2015-03-30 16:25 GMT-03:00 Laufer <laufer@globo.com>:

> Hello, All,
>
> I am afraid we will come back with the scope discussion again. In my
> opinion we cannot treat all of the forms of publishing data and the forms
> on how consumers will manipulate it.
>
> I think we have two main types of actors consuming data: humans and
> machines (and, of course, there are humans programming the machines).
>
> For me, the central thing that we can point is about metadata. We can talk
> about data too, but I think that each one of the cases will be very
> particular and probably will be treated by a particular WG.
>
> So I think we need Best Practices talking about publishing metadata in
> these two forms, for humans and machines. We can suggest some types of
> metadata, as structure, license, quality, version, etc. We can comment that
> this information could be embedded in documents, could be separated, etc.

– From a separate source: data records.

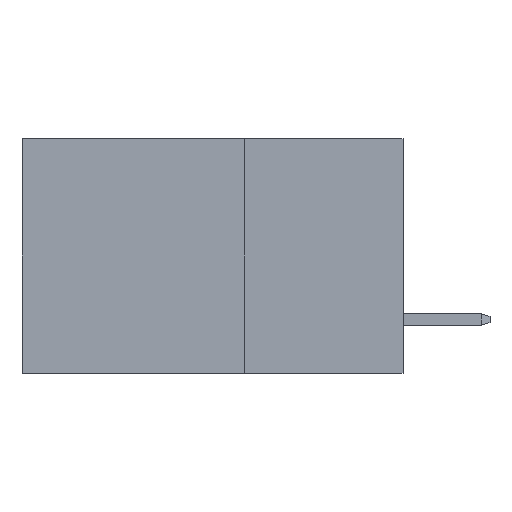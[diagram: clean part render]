
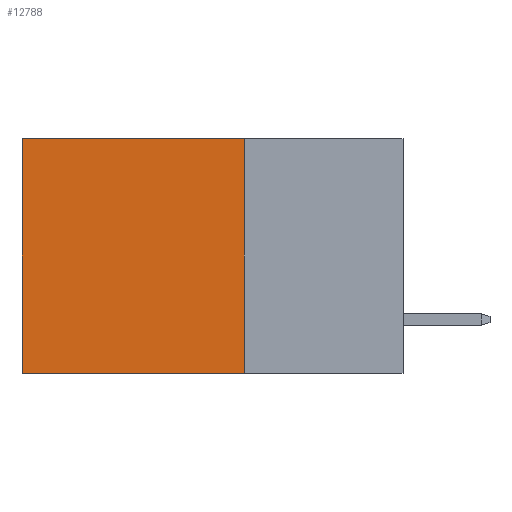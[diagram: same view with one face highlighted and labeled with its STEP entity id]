
A CAD part, left-side view. The second image highlights one B-rep face of the part: STEP entity #12788.
In plain terms, the highlighted planar face has unit normal (-1, 0, 0).
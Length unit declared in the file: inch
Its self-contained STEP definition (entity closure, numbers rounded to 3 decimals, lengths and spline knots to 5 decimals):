
#414 = CARTESIAN_POINT ( 'NONE',  ( 0.2875, 0.6, -0.37 ) ) ;
#606 = VERTEX_POINT ( 'NONE', #6176 ) ;
#957 = LINE ( 'NONE', #10480, #12077 ) ;
#1521 = DIRECTION ( 'NONE',  ( 1., 0., 0. ) ) ;
#2077 = VECTOR ( 'NONE', #2534, 39.37008 ) ;
#2308 = VERTEX_POINT ( 'NONE', #2948 ) ;
#2424 = EDGE_LOOP ( 'NONE', ( #12758, #13078, #2573, #5257 ) ) ;
#2437 = LINE ( 'NONE', #5859, #3129 ) ;
#2534 = DIRECTION ( 'NONE',  ( 0., 0., -1. ) ) ;
#2573 = ORIENTED_EDGE ( 'NONE', *, *, #4350, .F. ) ;
#2948 = CARTESIAN_POINT ( 'NONE',  ( 0.2875, 0.25, 0. ) ) ;
#3129 = VECTOR ( 'NONE', #10096, 39.37008 ) ;
#3408 = VERTEX_POINT ( 'NONE', #7633 ) ;
#3755 = PLANE ( 'NONE',  #6753 ) ;
#4350 = EDGE_CURVE ( 'NONE', #2308, #606, #2437, .T. ) ;
#4556 = LINE ( 'NONE', #6588, #2077 ) ;
#5158 = CARTESIAN_POINT ( 'NONE',  ( 0.2875, 0.25, 0. ) ) ;
#5257 = ORIENTED_EDGE ( 'NONE', *, *, #10738, .T. ) ;
#5481 = DIRECTION ( 'NONE',  ( 0., 1., 0. ) ) ;
#5774 = DIRECTION ( 'NONE',  ( 0., 0., -1. ) ) ;
#5820 = VECTOR ( 'NONE', #12540, 39.37008 ) ;
#5859 = CARTESIAN_POINT ( 'NONE',  ( 0.2875, 0.25, 0. ) ) ;
#6176 = CARTESIAN_POINT ( 'NONE',  ( 0.2875, 0.25, -0.37 ) ) ;
#6360 = EDGE_CURVE ( 'NONE', #606, #11073, #957, .T. ) ;
#6588 = CARTESIAN_POINT ( 'NONE',  ( 0.2875, 0.6, 0. ) ) ;
#6753 = AXIS2_PLACEMENT_3D ( 'NONE', #11203, #1521, #5774 ) ;
#6903 = EDGE_CURVE ( 'NONE', #3408, #11073, #4556, .T. ) ;
#7633 = CARTESIAN_POINT ( 'NONE',  ( 0.2875, 0.6, 0. ) ) ;
#10096 = DIRECTION ( 'NONE',  ( 0., 0., -1. ) ) ;
#10159 = FACE_OUTER_BOUND ( 'NONE', #2424, .T. ) ;
#10480 = CARTESIAN_POINT ( 'NONE',  ( 0.2875, 0.25, -0.37 ) ) ;
#10738 = EDGE_CURVE ( 'NONE', #2308, #3408, #13582, .T. ) ;
#11073 = VERTEX_POINT ( 'NONE', #414 ) ;
#11203 = CARTESIAN_POINT ( 'NONE',  ( 0.2875, 0.25, 0. ) ) ;
#12077 = VECTOR ( 'NONE', #5481, 39.37008 ) ;
#12540 = DIRECTION ( 'NONE',  ( 0., 1., 0. ) ) ;
#12758 = ORIENTED_EDGE ( 'NONE', *, *, #6903, .T. ) ;
#12788 = ADVANCED_FACE ( 'NONE', ( #10159 ), #3755, .F. ) ;
#13078 = ORIENTED_EDGE ( 'NONE', *, *, #6360, .F. ) ;
#13582 = LINE ( 'NONE', #5158, #5820 ) ;

> Maybe we can define a BP that metadata should be published in a separate
> document (as phil and steve suggested).
>
> For metadata for machines, we can suggest some vocabularies.
>
> But I think that if we entered in all techniques of consuming/harvesting
> data and the way people should or must publish to facilitate these things,
> we will have to take the whole world in our hands.
>
> Best Regards,
> Laufer
>
>
>
> 2015-03-30 15:57 GMT-03:00 yaso@nic.br <yaso@nic.br>:
>
> Hi all
>>
>> I would like to point that there are other kinds of data that can be
>> extracted from files that are available on the Web, and other methods that
>> are not connected with linked data or the use of tabular data out there :-)
>>
>> In the call Steve mentioned facial recognition on videos, for example,
>> but there are a lot of examples that I could give.
>>
>> On 03/29/2015 05:08 AM, Phil Archer wrote:
>>
>>> I thought I'd look at the doc and see how and where this discussion
>>> might be reflected.
>>>
>>> There are two relevant sections: metadata and data formats.
>>>
>>> I believe we have consensus that when we talk about metadata we
>>> shouldn't talk about the format of the data described.
>>>
>>> BP1 and 2 say that metadata should be provided for humans, ideally as a
>>> Web page, and (BP2) that the data should also be machine readable using
>>> either an alternative representation of that page or one of the
>>> technologies for embedding it.
>>>
>>> So here we're talking about providing something separate from the
>>> dataset itself. That's because in our heads we're thinking data portals,
>>> catalogues, landing pages etc. We are not thinking about documents, images
>>> and videos that have their own embedded metadata, which is what Steve has
>>> been championing.
>>>
>>
>> For mostly publishers of open data it is true, but there is the point of
>> view of the data consumer that works harvesting data on the web that is in
>> this files.
>> There is a lot of data that is extracted from files that are on the Web,
>> files that are in different formats representing documents (pdf included!),
>> videos, images, etc. It seems to me that the processing, delivery for reuse
>> and collecting of this kind of data that can be extracted from files (that
>> are on the web) is something that the working group could adress.
>>
>> Although we do should not mention file formats, which I agree is not in
>> our scope, maybe we can work with best practices for using and reusing data
>> extracted from documents that are on the Web (we might call it public
>> data). I see that there is space for this in some best practices. Privacy
>> Best Practices, for example.
>>
>> It is interesting to think in best practices that can help people that
>> work with harvested data from files to make this data reusable and readable
>> by machines and humans. Softwares like FRED [1] (it produces RDF/OWL
>> ontologies and linked data from natural language sentences) need to be on
>> our horizon when it thinking about data on the Web. I'm sure that we
>> already have Best Practices for this cases, but we can work on the
>> approaches and specify some use cases.
>>
>> For me, metadata can be data that is not only available on user's purpose
>> (when people upload pictures to flickr, for example) - thus data that can
>> be extracted from files using certain techniques. For instance: considering
>> yahoo (flickr) as a publisher and some developer analyzing data from a set
>> of pictures to make sense of, say, colors, my question is: does our BP
>> serve for both of them as guidance?
>>
>>
>> cheers
>> yaso
>>
>> [1] http://wit.istc.cnr.it/stlab-tools/fred
>>
>>
>>
>>
>>
>>> Suppose I create a PDF and embed within that a bunch of metadata, have I
>>> done the job?
>>>
>>> Well, it depends on the context. As far as Google is concerned, yes. As
>>> far as a less sophisticated portal or catalogue is concerned, usually no.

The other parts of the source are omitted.